Novel mastoparan and protonectin analogs isolated from a solitary wasp, Orancistrocerus drewseni drewseni.

Two novel biologically active peptides, Eumenine mastoparan-OD and Orancis-Protonectin, were isolated from a solitary wasp, Orancistrocerus drewseni drewseni (Eumeninae, Vespidae). MALDI-TOF MS analysis of a small amount of the crude venom gave two intensive molecular-related ion peaks at m/z 1269.9 and 1552.9 that were expected to be novel based on a peptide database search. Purification of the crude venom by HPLC gave two peptide fractions, P-1 and P-2. The amino acid sequence of P-1 (GRILSFIKAGLAEHL-NH2) and P-2 (ILGIITSLLKSL-NH2) were determined by ESI-MS/MS, automated Edman degradation, and amino acid analysis. According to the high sequence homology with those of mastoparan and protonectin, P-1 and P-2 were labeled Eumenine mastoparan-OD and Orancis-Protonectin, respectively. Orancis-Protonectin is the first example of a protonectin analog isolated from the venom of a solitary wasp. The hemolytic activities of these new peptides were more potent than that of mastoparan.

A quinone isolated from the nest of Vespa simillima and its growth-inhibitory effect on rat liver cancer cells.

A biologically active quinone that exhibits a growth-inhibitory effect on rat liver cancer cells was isolated from the nest of a social wasp, Vespa simillima (Vespinae, Vespidae). The structure was unambiguously determined by NMR and synthetic experiments and identified as being 7,8-seco-para-ferruginone. The synthetic quinone showed potent growth-inhibitory effects on rat hepatoma cells (IC50 value=1.9 microM). Morphological analyses of dRLh84 cells using the synthetic compound were tested. Chromatin coagulation was induced by the synthetic compound at 31.6 muM.

Novel biologically active peptides from the venom of Polistes rothneyi iwatai.

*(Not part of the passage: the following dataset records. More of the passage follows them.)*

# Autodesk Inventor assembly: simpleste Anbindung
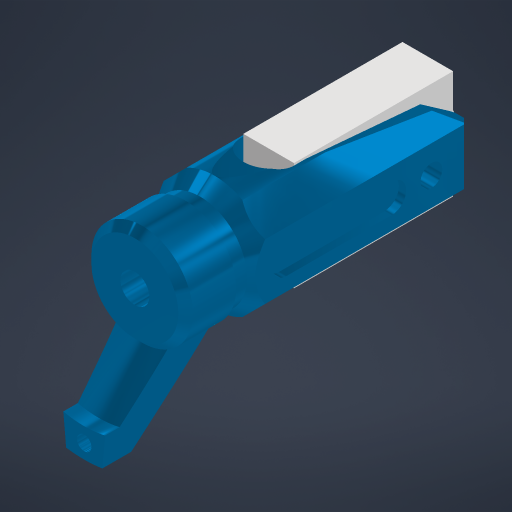
[picture p0: Inventor's stored thumbnail of the model, 512x512]
Saved by Autodesk Inventor 2023.2 (Build 272271000, 271)
## iProperties
Created: 2023-04-05
Part Number: simpleste Anbindung
Document SubType Name: Assembly
Designer: tadeus
Author: tadeus
## Documents named in this file (3)
- C:\Users\tadeu\Documents\0 Nerdy\CAD\Inventor\Studium\5. Semester\NWPL\WKA\simpleste Anbindung.iam
- C:\Users\tadeu\Documents\0 Nerdy\CAD\Inventor\Studium\5. Semester\NWPL\WKA\simpleste Anbindung.ipt
- C:\Users\tadeu\Documents\0 Nerdy\CAD\Inventor\Studium\5. Semester\NWPL\WKA\RotorArm.ipt
## Components (2 placed, 2 different names)
1. simpleste Anbindung:1 — Fluchtend:1, Passend:1, Tangential:1
2. RotorArm:1 — Fluchtend:1, Passend:1, Tangential:1
## Relationships (3: Flush 1, Mate 1, Tangent 1)
- Fluchtend:1 [Flush]: simpleste Anbindung:1 ↔ RotorArm:1
- Passend:1 [Mate]: simpleste Anbindung:1 ↔ RotorArm:1
- Tangential:1: simpleste Anbindung:1 ↔ RotorArm:1

Four novel peptides, polistes-mastoparan-R1, 2, 3, and polistes-protonectin, were isolated from the venom of a paper wasp, Polistes rothneyi iwatai. MALDI-TOF MS analysis of a small amount of the crude venom gave six molecular-related ion peaks. Among them, m/z 1565 was expected to be a novel peptide. Purification of the crude venom by HPLC gave two known kinins, Thr6-bradykinin and Ala-Arg-Thr6-bradykinin, and four novel peptides named polistes-mastoparan-R1, 2, and 3, and polistes-protonectin. Polistes-mastoparan-R1, 2, and 3 (Pm-R) were tetradecapeptides that possess high sequence homology with that of mastoparan. The sequence of polistes-protonectin was similar to that of protonectin isolated from a Brazilian paper wasp. Histamine-releasing activities of Pm-R1, 2, and 3 were more potent than that of mastoparan. Polistes-protonectin exhibited the most potent hemolytic activity in comparison with the four novel peptides and mastoparan.